_EXERCISE AIM_
Every line below that includes the word "None" needs to be copied.

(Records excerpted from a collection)
══════════════════════════════
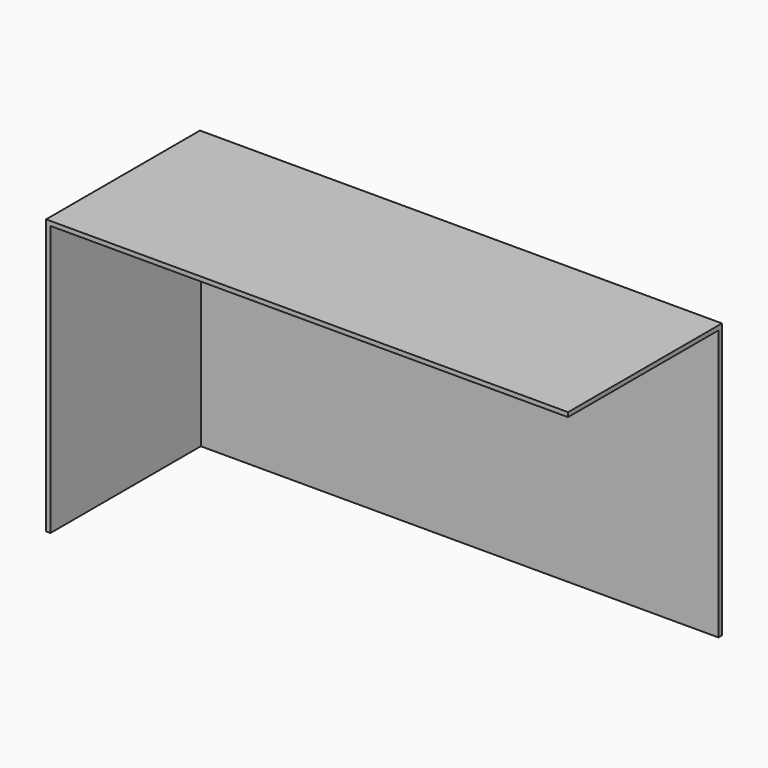
from build123d import *

# Parameters (mm, degrees)
F0_W     = 1900
F0_H     = 700
F1_DEPTH = 1000
F2_T     = -16


# Not quite as in the source:
# - a feature names something its author has since deleted; it is built from what else it names


with BuildPart() as f1:
    # F0 (on Top) → F1 (new body)
    with BuildSketch(Plane.XY):
        with Locations((-950, -350)):
            Rectangle(F0_W, F0_H)
    extrude(amount=F1_DEPTH)

    # F2
    f2_openings = [f1.faces().sort_by_distance(p)[0] for p in [
        (-950, -350, 0),
        (-950, -700, 500),
        (0, -350, 500),
    ]]
    offset(amount=F2_T, openings=f2_openings)


solid = f1.part
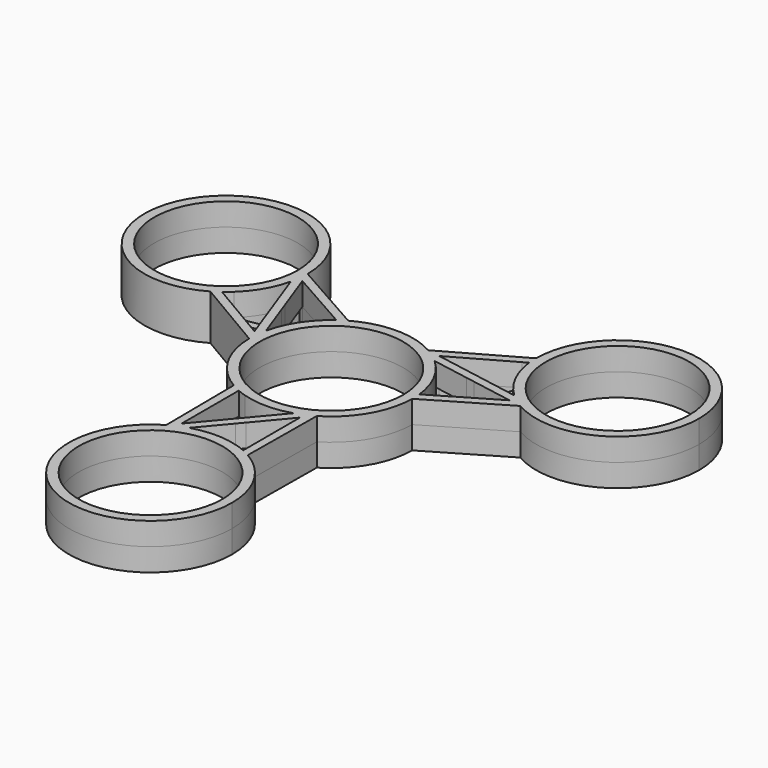
from build123d import *

# Parameters (mm, degrees)
F0_R     = 11.0625
F1_DEPTH = 3.5
F2_DEPTH = 3.5


with BuildPart() as f1:
    # F0 (on Top) → F1 (new body)
    with BuildSketch(Plane.XY):
        with BuildLine():
            ThreePointArc((12.5625, -34.825), (10.879444135, -28.54375), (6.28125, -23.945555865))
            ThreePointArc((6.28125, -23.945555865), (5.6839265838, -23.6219028907), (5.0699800766, -23.3310142565))
            ThreePointArc((5.0699800766, -23.3310142565), (4.3783795457, -23.0501879504), (3.671321038, -22.8109329082))
            ThreePointArc((3.671321038, -22.8109329082), (0, -22.2625), (-3.671321038, -22.8109329082))
            ThreePointArc((-3.671321038, -22.8109329082), (-4.3783795457, -23.0501879504), (-5.0699800766, -23.3310142565))
            ThreePointArc((-5.0699800766, -23.3310142565), (-5.6839265838, -23.6219028907), (-6.28125, -23.945555865))
            ThreePointArc((-6.28125, -23.945555865), (-6.28125, -45.704444135), (12.5625, -34.825))
        make_face()
        with Locations((0, -34.825)):
            Circle(F0_R, mode=Mode.SUBTRACT)
        with BuildLine():
            ThreePointArc((22.6934953293, 7.3091515977), (23.2748450472, 6.9043979519), (23.8780846868, 6.533055865))
            ThreePointArc((23.8780846868, 6.533055865), (36.4405846868, 6.533055865), (42.7218346868, 17.4125))
            ThreePointArc((42.7218346868, 17.4125), (30.1593346868, 29.975), (17.5968346868, 17.4125))
            ThreePointArc((17.5968346868, 17.4125), (17.6168065478, 16.7044081041), (17.6766586284, 15.998567657))
            ThreePointArc((17.6766586284, 15.998567657), (17.777731299, 15.2882816033), (17.9191868635, 14.5849237385))
            ThreePointArc((17.9191868635, 14.5849237385), (19.2798905518, 11.13125), (21.5905079016, 8.2260091697))
            ThreePointArc((21.5905079016, 8.2260091697), (22.1289058982, 7.7518261249), (22.6934953293, 7.3091515977))
        make_face()
        with Locations((30.1593346868, 17.4125)):
            Circle(F0_R, mode=Mode.SUBTRACT)
        with BuildLine():
            ThreePointArc((-17.6766586284, 15.998567657), (-17.6168065478, 16.7044081041), (-17.5968346868, 17.4125))
            ThreePointArc((-17.5968346868, 17.4125), (-41.0387788218, 23.69375), (-23.8780846868, 6.533055865))
            ThreePointArc((-23.8780846868, 6.533055865), (-23.2748450472, 6.9043979519), (-22.6934953293, 7.3091515977))
            ThreePointArc((-22.6934953293, 7.3091515977), (-22.1289058982, 7.7518261249), (-21.5905079016, 8.2260091697))
            ThreePointArc((-21.5905079016, 8.2260091697), (-19.2798905518, 11.13125), (-17.9191868635, 14.5849237385))
            ThreePointArc((-17.9191868635, 14.5849237385), (-17.777731299, 15.2882816033), (-17.6766586284, 15.998567657))
        make_face()
        with Locations((-30.1593346868, 17.4125)):
            Circle(F0_R, mode=Mode.SUBTRACT)
        with BuildLine():
            ThreePointArc((12.5617807334, -0.134428631), (12.5623201821, -0.0672152776), (12.5625, 0))
            ThreePointArc((12.5625, 0), (12.5456200156, 0.6510181823), (12.4950254251, 1.300286844))
            ThreePointArc((12.4950254251, 1.300286844), (12.3979510712, 2.0266266272), (12.2586909143, 2.7460705232))
            ThreePointArc((12.2586909143, 2.7460705232), (10.879444135, 6.28125), (8.5075122908, 9.2433024873))
            ThreePointArc((8.5075122908, 9.2433024873), (7.9540856787, 9.723627269), (7.3735941516, 10.1708660171))
            ThreePointArc((7.3735941516, 10.1708660171), (6.7801201382, 10.5757447568), (6.1644717573, 10.9460355474))
            ThreePointArc((6.1644717573, 10.9460355474), (0, 12.5625), (-6.1644717573, 10.9460355474))
            ThreePointArc((-6.1644717573, 10.9460355474), (-6.7801201382, 10.5757447568), (-7.3735941516, 10.1708660171))
            ThreePointArc((-7.3735941516, 10.1708660171), (-7.9540856787, 9.723627269), (-8.5075122908, 9.2433024873))
            ThreePointArc((-8.5075122908, 9.2433024873), (-10.879444135, 6.28125), (-12.2586909143, 2.7460705232))
            ThreePointArc((-12.2586909143, 2.7460705232), (-12.3979510712, 2.0266266272), (-12.4950254251, 1.300286844))
            ThreePointArc((-12.4950254251, 1.300286844), (-12.5489236925, 0.583883902), (-12.5617807334, -0.134428631))
            ThreePointArc((-12.5617807334, -0.134428631), (-10.879444135, -6.28125), (-6.3973089761, -10.8116069164))
            ThreePointArc((-6.3973089761, -10.8116069164), (-5.7437870583, -11.1725250718), (-5.0699800766, -11.4939857435))
            ThreePointArc((-5.0699800766, -11.4939857435), (-4.4175289857, -11.760180437), (-3.7511786235, -11.9893730105))
            ThreePointArc((-3.7511786235, -11.9893730105), (0, -12.5625), (3.7511786235, -11.9893730105))
            ThreePointArc((3.7511786235, -11.9893730105), (4.4175289857, -11.760180437), (5.0699800766, -11.4939857435))
            ThreePointArc((5.0699800766, -11.4939857435), (5.7437870583, -11.1725250718), (6.3973089761, -10.8116069164))
            ThreePointArc((6.3973089761, -10.8116069164), (10.879444135, -6.28125), (12.5617807334, -0.134428631))
        make_face()
        Circle(F0_R, mode=Mode.SUBTRACT)
        with BuildLine():
            ThreePointArc((-22.6934953293, 7.3091515977), (-23.2748450472, 6.9043979519), (-23.8780846868, 6.533055865))
            Line((-23.8780846868, 6.533055865), (-21.9525338245, 6.8725824347))
            Line((-21.9525338245, 6.8725824347), (-22.6934953293, 7.3091515977))
        make_face()
        Polygon((-23.8780846868, 6.533055865), (-12.5617807334, -0.134428631), (-13.2447523803, 1.742020547), (-21.9525338245, 6.8725824347), align=None)
        with BuildLine():
            Line((-13.2447523803, 1.742020547), (-12.5617807334, -0.134428631))
            ThreePointArc((-12.5617807334, -0.134428631), (-12.5489236925, 0.583883902), (-12.4950254251, 1.300286844))
            Line((-12.4950254251, 1.300286844), (-13.2447523803, 1.742020547))
        make_face()
        Polygon((-8.1310102377, 10.5992817546), (-6.1644717573, 10.9460355474), (-17.5968346868, 17.4125), (-16.9280978903, 15.5751607521), align=None)
        with BuildLine():
            Line((-16.9280978903, 15.5751607521), (-17.5968346868, 17.4125))
            ThreePointArc((-17.5968346868, 17.4125), (-17.6168065478, 16.7044081041), (-17.6766586284, 15.998567657))
            Line((-17.6766586284, 15.998567657), (-16.9280978903, 15.5751607521))
        make_face()
        with BuildLine():
            ThreePointArc((-7.3735941516, 10.1708660171), (-6.7801201382, 10.5757447568), (-6.1644717573, 10.9460355474))
            Line((-6.1644717573, 10.9460355474), (-8.1310102377, 10.5992817546))
            Line((-8.1310102377, 10.5992817546), (-7.3735941516, 10.1708660171))
        make_face()
        with BuildLine():
            Line((-5.0699800766, -22.5020205822), (-6.28125, -23.945555865))
            ThreePointArc((-6.28125, -23.945555865), (-5.6839265838, -23.6219028907), (-5.0699800766, -23.3310142565))
            Line((-5.0699800766, -23.3310142565), (-5.0699800766, -22.5020205822))
        make_face()
        Polygon((-6.3973089761, -10.8116069164), (-6.28125, -23.945555865), (-5.0699800766, -22.5020205822), (-5.0699800766, -12.3934559009), align=None)
        with BuildLine():
            Line((-5.0699800766, -12.3934559009), (-5.0699800766, -11.4939857435))
            ThreePointArc((-5.0699800766, -11.4939857435), (-5.7437870583, -11.1725250718), (-6.3973089761, -10.8116069164))
            Line((-6.3973089761, -10.8116069164), (-5.0699800766, -12.3934559009))
        make_face()
        with BuildLine():
            Line((5.0699800766, -12.3934559009), (6.3973089761, -10.8116069164))
            ThreePointArc((6.3973089761, -10.8116069164), (5.7437870583, -11.1725250718), (5.0699800766, -11.4939857435))
            Line((5.0699800766, -11.4939857435), (5.0699800766, -12.3934559009))
        make_face()
        Polygon((6.28125, -23.945555865), (6.3973089761, -10.8116069164), (5.0699800766, -12.3934559009), (5.0699800766, -22.5020205822), align=None)
        with BuildLine():
            ThreePointArc((5.0699800766, -23.3310142565), (5.6839265838, -23.6219028907), (6.28125, -23.945555865))
            Line((6.28125, -23.945555865), (5.0699800766, -22.5020205822))
            Line((5.0699800766, -22.5020205822), (5.0699800766, -23.3310142565))
        make_face()
        with BuildLine():
            Line((-3.671321038, -22.8109329082), (0, -18.4356228716))
            Line((0, -18.4356228716), (-0.8289336287, -17.4477382415))
            Line((-0.8289336287, -17.4477382415), (-5.0699800766, -22.5020205822))
            Line((-5.0699800766, -22.5020205822), (-5.0699800766, -23.3310142565))
            ThreePointArc((-5.0699800766, -23.3310142565), (-4.3783795457, -23.0501879504), (-3.671321038, -22.8109329082))
        make_face()
        Polygon((0, -18.4356228716), (0.8289336287, -17.4477382415), (0, -16.4598536115), (-0.8289336287, -17.4477382415), align=None)
        with BuildLine():
            Line((5.0699800766, -12.3934559009), (5.0699800766, -11.4939857435))
            ThreePointArc((5.0699800766, -11.4939857435), (4.4175289857, -11.760180437), (3.7511786235, -11.9893730105))
            Line((3.7511786235, -11.9893730105), (0, -16.4598536115))
            Line((0, -16.4598536115), (0.8289336287, -17.4477382415))
            Line((0.8289336287, -17.4477382415), (5.0699800766, -12.3934559009))
        make_face()
        Polygon((13.2447523803, 1.742020547), (12.5617807334, -0.134428631), (23.8780846868, 6.533055865), (21.9525338245, 6.8725824347), align=None)
        with BuildLine():
            ThreePointArc((12.4950254251, 1.300286844), (12.5456200156, 0.6510181823), (12.5625, 0))
            ThreePointArc((12.5625, 0), (12.5623201821, -0.0672152776), (12.5617807334, -0.134428631))
            Line((12.5617807334, -0.134428631), (13.2447523803, 1.742020547))
            Line((13.2447523803, 1.742020547), (12.4950254251, 1.300286844))
        make_face()
        with BuildLine():
            Line((21.9525338245, 6.8725824347), (23.8780846868, 6.533055865))
            ThreePointArc((23.8780846868, 6.533055865), (23.2748450472, 6.9043979519), (22.6934953293, 7.3091515977))
            Line((22.6934953293, 7.3091515977), (21.9525338245, 6.8725824347))
        make_face()
        Polygon((16.9280978903, 15.5751607521), (17.5968346868, 17.4125), (6.1644717573, 10.9460355474), (8.1310102377, 10.5992817546), align=None)
        with BuildLine():
            ThreePointArc((6.1644717573, 10.9460355474), (6.7801201382, 10.5757447568), (7.3735941516, 10.1708660171))
            Line((7.3735941516, 10.1708660171), (8.1310102377, 10.5992817546))
            Line((8.1310102377, 10.5992817546), (6.1644717573, 10.9460355474))
        make_face()
        with BuildLine():
            ThreePointArc((17.6766586284, 15.998567657), (17.6168065478, 16.7044081041), (17.5968346868, 17.4125))
            Line((17.5968346868, 17.4125), (16.9280978903, 15.5751607521))
            Line((16.9280978903, 15.5751607521), (17.6766586284, 15.998567657))
        make_face()
        with BuildLine():
            Line((15.9657177414, 9.2178114358), (15.5246513701, 8.0059915402))
            Line((15.5246513701, 8.0059915402), (21.9525338245, 6.8725824347))
            Line((21.9525338245, 6.8725824347), (22.6934953293, 7.3091515977))
            ThreePointArc((22.6934953293, 7.3091515977), (22.1289058982, 7.7518261249), (21.5905079016, 8.2260091697))
            Line((21.5905079016, 8.2260091697), (15.9657177414, 9.2178114358))
        make_face()
        Polygon((14.6957177414, 9.4417467013), (14.2546513701, 8.2299268057), (15.5246513701, 8.0059915402), (15.9657177414, 9.2178114358), align=None)
        with BuildLine():
            ThreePointArc((7.3735941516, 10.1708660171), (7.9540856787, 9.723627269), (8.5075122908, 9.2433024873))
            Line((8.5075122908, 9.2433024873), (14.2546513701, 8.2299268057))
══════════════════════════════
_EXERCISE RESULT_
        Polygon((-23.8780846868, 6.533055865), (-12.5617807334, -0.134428631), (-13.2447523803, 1.742020547), (-21.9525338245, 6.8725824347), align=None)
        Polygon((-8.1310102377, 10.5992817546), (-6.1644717573, 10.9460355474), (-17.5968346868, 17.4125), (-16.9280978903, 15.5751607521), align=None)
        Polygon((-6.3973089761, -10.8116069164), (-6.28125, -23.945555865), (-5.0699800766, -22.5020205822), (-5.0699800766, -12.3934559009), align=None)
        Polygon((6.28125, -23.945555865), (6.3973089761, -10.8116069164), (5.0699800766, -12.3934559009), (5.0699800766, -22.5020205822), align=None)
        Polygon((0, -18.4356228716), (0.8289336287, -17.4477382415), (0, -16.4598536115), (-0.8289336287, -17.4477382415), align=None)
        Polygon((13.2447523803, 1.742020547), (12.5617807334, -0.134428631), (23.8780846868, 6.533055865), (21.9525338245, 6.8725824347), align=None)
        Polygon((16.9280978903, 15.5751607521), (17.5968346868, 17.4125), (6.1644717573, 10.9460355474), (8.1310102377, 10.5992817546), align=None)
        Polygon((14.6957177414, 9.4417467013), (14.2546513701, 8.2299268057), (15.5246513701, 8.0059915402), (15.9657177414, 9.2178114358), align=None)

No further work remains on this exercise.